Elec.mxl5 <- update(Elec.mxl4, correlation = TRUE)
##
## Call:
## mlogit(formula = choice ~ pf + cl + loc + wk + tod + seas | 0,
## data = Electr, start = strt, rpar = c(cl = "n", loc = "n",
## wk = "u", tod = "ln", seas = "ln"), R = 100, correlation = TRUE,
## halton = NA, panel = TRUE)
##
## Frequencies of alternatives:choice
## 1 2 3 4
## 0.22702 0.26393 0.23816 0.27089
##
## bfgs method
## 1 iterations, 0h:0m:2s
## g'(-H)^-1g = 3.73E-07
## gradient close to zero
##
## Coefficients :
## Estimate Std.
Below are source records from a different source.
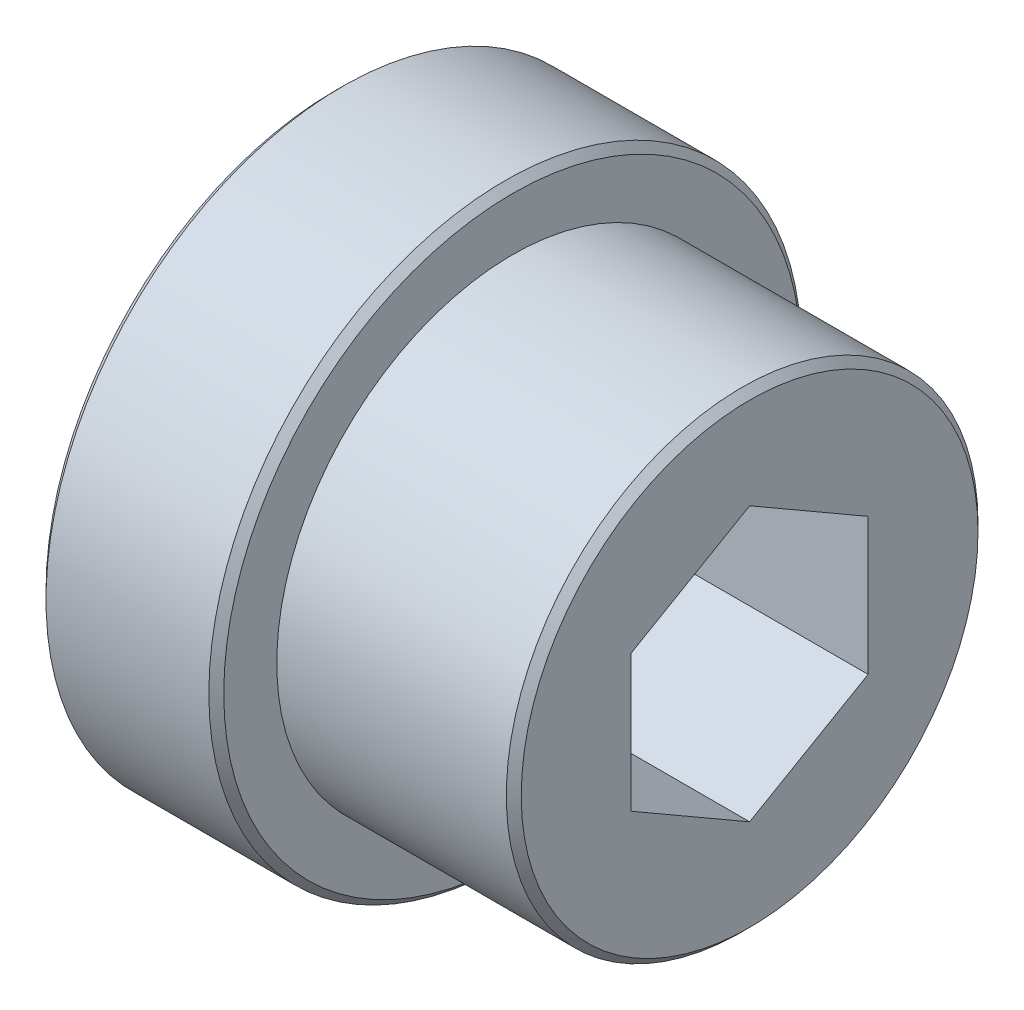
ISO-10303-21;
HEADER;
FILE_DESCRIPTION(('STEP AP214'),'2;1');
FILE_NAME('part.step','',(''),(''),'','','');
FILE_SCHEMA(('AUTOMOTIVE_DESIGN { 1 0 10303 214 1 1 1 1 }'));
ENDSEC;
DATA;
#1=APPLICATION_CONTEXT('core data for automotive mechanical design processes');
#2=APPLICATION_PROTOCOL_DEFINITION('international standard','automotive_design',2000,#1);
#3=PRODUCT_CONTEXT('',#1,'mechanical');
#4=PRODUCT('Part','Part','',(#3));
#5=PRODUCT_RELATED_PRODUCT_CATEGORY('part','',(#4));
#6=PRODUCT_DEFINITION_FORMATION('','',#4);
#7=PRODUCT_DEFINITION_CONTEXT('part definition',#1,'design');
#8=PRODUCT_DEFINITION('design','',#6,#7);
#9=PRODUCT_DEFINITION_SHAPE('','',#8);
#10=(LENGTH_UNIT() NAMED_UNIT(*) SI_UNIT(.MILLI.,.METRE.));
#11=(NAMED_UNIT(*) PLANE_ANGLE_UNIT() SI_UNIT($,.RADIAN.));
#12=(NAMED_UNIT(*) SI_UNIT($,.STERADIAN.) SOLID_ANGLE_UNIT());
#13=UNCERTAINTY_MEASURE_WITH_UNIT(LENGTH_MEASURE(1.E-05),#10,'distance_accuracy_value','');
#14=(GEOMETRIC_REPRESENTATION_CONTEXT(3) GLOBAL_UNCERTAINTY_ASSIGNED_CONTEXT((#13)) GLOBAL_UNIT_ASSIGNED_CONTEXT((#10,
#11,#12)) REPRESENTATION_CONTEXT('',''));
#15=CARTESIAN_POINT('',(0.,0.,0.));
#16=DIRECTION('',(0.,0.,1.));
#17=DIRECTION('',(1.,0.,0.));
#18=AXIS2_PLACEMENT_3D('',#15,#16,#17);
#19=CARTESIAN_POINT('',(12.7,0.,0.));
#20=DIRECTION('',(-1.,0.,0.));
#21=DIRECTION('',(0.,0.,1.));
#22=AXIS2_PLACEMENT_3D('',#19,#20,#21);
#23=CYLINDRICAL_SURFACE('',#22,12.6365);
#24=CARTESIAN_POINT('',(12.3,0.,0.));
#25=DIRECTION('',(1.,0.,0.));
#26=DIRECTION('',(0.,0.,-1.));
#27=AXIS2_PLACEMENT_3D('',#24,#25,#26);
#28=CIRCLE('',#27,12.6365);
#29=CARTESIAN_POINT('',(12.3,0.,-12.6365));
#30=VERTEX_POINT('',#29);
#31=EDGE_CURVE('E11',#30,#30,#28,.F.);
#32=ORIENTED_EDGE('',*,*,#31,.T.);
#33=EDGE_LOOP('',(#32));
#34=FACE_BOUND('',#33,.T.);
#35=CARTESIAN_POINT('',(0.,0.,0.));
#36=DIRECTION('',(1.,0.,0.));
#37=DIRECTION('',(0.,0.,-1.));
#38=AXIS2_PLACEMENT_3D('',#35,#36,#37);
#39=CIRCLE('',#38,12.6365);
#40=CARTESIAN_POINT('',(0.,0.,-12.6365));
#41=VERTEX_POINT('',#40);
#42=EDGE_CURVE('E138',#41,#41,#39,.T.);
#43=ORIENTED_EDGE('',*,*,#42,.T.);
#44=EDGE_LOOP('',(#43));
#45=FACE_BOUND('',#44,.T.);
#46=ADVANCED_FACE('F39',(#34,#45),#23,.T.);
#47=CARTESIAN_POINT('',(12.7,0.,0.));
#48=DIRECTION('',(1.,0.,0.));
#49=DIRECTION('',(0.,0.,-1.));
#50=AXIS2_PLACEMENT_3D('',#47,#48,#49);
#51=PLANE('',#50);
#52=DIRECTION('',(0.,0.5,-0.866025403784439));
#53=VECTOR('',#52,1.);
#54=CARTESIAN_POINT('',(12.7,3.66617420935413,6.34999999999999));
#55=LINE('',#54,#53);
#56=CARTESIAN_POINT('',(12.7,3.66617420935413,6.34999999999999));
#57=VERTEX_POINT('',#56);
#58=CARTESIAN_POINT('',(12.7,7.33234841870825,0.));
#59=VERTEX_POINT('',#58);
#60=EDGE_CURVE('E95',#57,#59,#55,.T.);
#61=ORIENTED_EDGE('',*,*,#60,.T.);
#62=DIRECTION('',(0.,-0.5,-0.866025403784438));
#63=VECTOR('',#62,1.);
#64=CARTESIAN_POINT('',(12.7,7.33234841870825,0.));
#65=LINE('',#64,#63);
#66=CARTESIAN_POINT('',(12.7,3.66617420935412,-6.35));
#67=VERTEX_POINT('',#66);
#68=EDGE_CURVE('E104',#59,#67,#65,.T.);
#69=ORIENTED_EDGE('',*,*,#68,.T.);
#70=DIRECTION('',(0.,-1.,0.));
#71=VECTOR('',#70,1.);
#72=CARTESIAN_POINT('',(12.7,3.66617420935412,-6.35));
#73=LINE('',#72,#71);
#74=CARTESIAN_POINT('',(12.7,-3.66617420935412,-6.35));
#75=VERTEX_POINT('',#74);
#76=EDGE_CURVE('E55',#67,#75,#73,.T.);
#77=ORIENTED_EDGE('',*,*,#76,.T.);
#78=DIRECTION('',(0.,-0.5,0.866025403784439));
#79=VECTOR('',#78,1.);
#80=CARTESIAN_POINT('',(12.7,-3.66617420935412,-6.35));
#81=LINE('',#80,#79);
#82=CARTESIAN_POINT('',(12.7,-7.33234841870824,0.));
#83=VERTEX_POINT('',#82);
#84=EDGE_CURVE('E119',#75,#83,#81,.T.);
#85=ORIENTED_EDGE('',*,*,#84,.T.);
#86=DIRECTION('',(0.,0.5,0.866025403784439));
#87=VECTOR('',#86,1.);
#88=CARTESIAN_POINT('',(12.7,-7.33234841870824,0.));
#89=LINE('',#88,#87);
#90=CARTESIAN_POINT('',(12.7,-3.66617420935412,6.35));
#91=VERTEX_POINT('',#90);
#92=EDGE_CURVE('E122',#83,#91,#89,.T.);
#93=ORIENTED_EDGE('',*,*,#92,.T.);
#94=DIRECTION('',(0.,1.,0.));
#95=VECTOR('',#94,1.);
#96=CARTESIAN_POINT('',(12.7,-3.66617420935412,6.35));
#97=LINE('',#96,#95);
#98=EDGE_CURVE('E101',#91,#57,#97,.T.);
#99=ORIENTED_EDGE('',*,*,#98,.T.);
#100=EDGE_LOOP('',(#61,#69,#77,#85,#93,#99));
#101=FACE_BOUND('',#100,.T.);
#102=CARTESIAN_POINT('',(12.7,0.,0.));
#103=DIRECTION('',(1.,0.,0.));
#104=DIRECTION('',(0.,0.,-1.));
#105=AXIS2_PLACEMENT_3D('',#102,#103,#104);
#106=CIRCLE('',#105,12.2365);
#107=CARTESIAN_POINT('',(12.7,0.,-12.2365));
#108=VERTEX_POINT('',#107);
#109=EDGE_CURVE('E48',#108,#108,#106,.T.);
#110=ORIENTED_EDGE('',*,*,#109,.T.);
#111=EDGE_LOOP('',(#110));
#112=FACE_BOUND('',#111,.T.);
#113=ADVANCED_FACE('F108',(#101,#112),#51,.T.);
#114=CARTESIAN_POINT('',(-9.525,0.,0.));
#115=DIRECTION('',(1.,0.,0.));
#116=DIRECTION('',(0.,0.,-1.));
#117=AXIS2_PLACEMENT_3D('',#114,#115,#116);
#118=CYLINDRICAL_SURFACE('',#117,15.875);
#119=CARTESIAN_POINT('',(-0.400000000000005,0.,0.));
#120=DIRECTION('',(-1.,0.,0.));
#121=DIRECTION('',(0.,0.,1.));
#122=AXIS2_PLACEMENT_3D('',#119,#120,#121);
#123=CIRCLE('',#122,15.875);
#124=CARTESIAN_POINT('',(-0.400000000000005,0.,-15.875));
#125=VERTEX_POINT('',#124);
#126=EDGE_CURVE('E151',#125,#125,#123,.T.);
#127=CARTESIAN_POINT('',(-9.12500000000002,0.,0.));
#128=DIRECTION('',(-1.,0.,0.));
#129=DIRECTION('',(0.,0.,1.));
#130=AXIS2_PLACEMENT_3D('',#127,#128,#129);
#131=CIRCLE('',#130,15.875);
#132=CARTESIAN_POINT('',(-9.12500000000002,0.,-15.875));
#133=VERTEX_POINT('',#132);
#134=EDGE_CURVE('E148',#133,#133,#131,.F.);
#135=CARTESIAN_POINT('',(-0.400000000000005,0.,-15.875));
#136=CARTESIAN_POINT('',(-0.490885416666671,0.,-15.875));
#137=CARTESIAN_POINT('',(-0.581770833333339,0.,-15.875));
#138=CARTESIAN_POINT('',(-0.763541666666672,0.,-15.875));
#139=CARTESIAN_POINT('',(-0.854427083333339,0.,-15.875));
#140=CARTESIAN_POINT('',(-1.03619791666667,0.,-15.875));
#141=CARTESIAN_POINT('',(-1.12708333333334,0.,-15.875));
#142=CARTESIAN_POINT('',(-1.30885416666667,0.,-15.875));
#143=CARTESIAN_POINT('',(-1.39973958333334,0.,-15.875));
#144=CARTESIAN_POINT('',(-1.58151041666667,0.,-15.875));
#145=CARTESIAN_POINT('',(-1.67239583333334,0.,-15.875));
#146=CARTESIAN_POINT('',(-1.85416666666667,0.,-15.875));
#147=CARTESIAN_POINT('',(-1.94505208333334,0.,-15.875));
#148=CARTESIAN_POINT('',(-2.12682291666667,0.,-15.875));
#149=CARTESIAN_POINT('',(-2.21770833333334,0.,-15.875));
#150=CARTESIAN_POINT('',(-2.39947916666667,0.,-15.875));
#151=CARTESIAN_POINT('',(-2.49036458333334,0.,-15.875));
#152=CARTESIAN_POINT('',(-2.67213541666667,0.,-15.875));
#153=CARTESIAN_POINT('',(-2.76302083333334,0.,-15.875));
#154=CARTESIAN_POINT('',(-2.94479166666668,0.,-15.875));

Error z-value Pr(>|z|)
## pf -0.9177181 0.0340200 -26.9758 < 2.2e-16 ***
## cl -0.2158542 0.0138413 -15.5950 < 2.2e-16 ***
## loc 2.3925696 0.0869029 27.5315 < 2.2e-16 ***
## wk 1.7475365 0.0712087 24.5411 < 2.2e-16 ***
## tod 2.1554746 0.0337206 63.9217 < 2.2e-16 ***
## seas 2.1695605 0.0334577 64.8448 < 2.2e-16 ***
## chol.cl:cl 0.3962539 0.0187077 21.1814 < 2.2e-16 ***
## chol.cl:loc 0.6175136 0.0924281 6.6810 2.373e-11 ***
## chol.loc:loc -2.0717172 0.1063246 -19.4848 < 2.2e-16 ***
## chol.cl:wk 0.1952590 0.0731907 2.6678 0.007635 **
## chol.loc:wk -1.2366541 0.0866096 -14.2785 < 2.2e-16 ***
## chol.wk:wk 0.6431944 0.0742354 8.6643 < 2.2e-16 ***
## chol.cl:tod 0.0019817 0.0104181 0.1902 0.849141
## chol.loc:tod 0.0625074 0.0119608 5.2260 1.732e-07 ***
## chol.wk:tod 0.1606713 0.0138054 11.6383 < 2.2e-16 ***
## chol.tod:tod 0.3758504 0.0209474 17.9426 < 2.2e-16 ***
## chol.cl:seas 0.0259973 0.0098344 2.6435 0.008205 **
## chol.loc:seas -0.0012255 0.0098997 -0.1238 0.901483
## chol.wk:seas 0.1413800 0.0128750 10.9810 < 2.2e-16 ***
## chol.tod:seas 0.0899893 0.0109769 8.1981 2.220e-16 ***
## chol.seas:seas 0.2112423 0.0141902 14.8865 < 2.2e-16 ***
## ---
## Signif. codes: 0 '***' 0.001 '**' 0.01 '*' 0.05 '.' 0.1 ' ' 1
##
## Log-Likelihood: -3851.4
##
## random coefficients
## Min. 1st Qu. Median Mean 3rd Qu.
## cl -Inf -0.4831234 -0.2158542 -0.2158542 0.05141502
## loc -Inf 0.9344645 2.3925696 2.3925696 3.85067469
## wk 0.3400072 1.0437718 1.7475365 1.7475365 2.45130110
## tod 0.0000000 6.5310440 8.6319857 9.4024428 11.40876968
## seas 0.0000000 7.2924594 8.7544353 9.0816328 10.50950485
## Max.
## cl Inf
## loc Inf
## wk 3.155066
## tod Inf
## seas Inf
## cl loc wk tod seas
## cl 1.000000000 0.28564925 0.13872467 0.004792336 0.09596640
## loc 0.285649252 1.00000000 0.88161832 -0.143495905 0.03174792
## wk 0.138724672 0.88161832 1.00000000 0.045410056 0.25577355
## tod 0.004792336 -0.14349591 0.04541006 1.000000000 0.50449234
## seas 0.095966400 0.03174792 0.25577355 0.504492337 1.00000000
lrtest(Elec.mxl5, Elec.mxl4)
## Likelihood ratio test
##
## Model 1: choice ~ pf + cl + loc + wk + tod + seas | 0
## Model 2: choice ~ pf + cl + loc + wk + tod + seas | 0
## #Df LogLik Df Chisq Pr(>Chisq)
## 1 21 -3851.4
## 2 11 -3976.5 -10 250.18 < 2.2e-16 ***
## ---
## Signif. codes: 0 '***' 0.001 '**' 0.01 '*' 0.05 '.' 0.1 ' ' 1
waldtest(Elec.mxl5, correlation = FALSE)
##
## Wald test
##
## data: uncorrelated random effects
## chisq = 466.48, df = 10, p-value < 2.2e-16
scoretest(Elec.mxl4, correlation = TRUE)
##
## score test
##
## data: correlation = TRUE
## chisq = 157.35, df = 10, p-value < 2.2e-16
## alternative hypothesis: uncorrelated random effects
The three tests clearly reject the hypothesis that the random parameters are uncorrelated.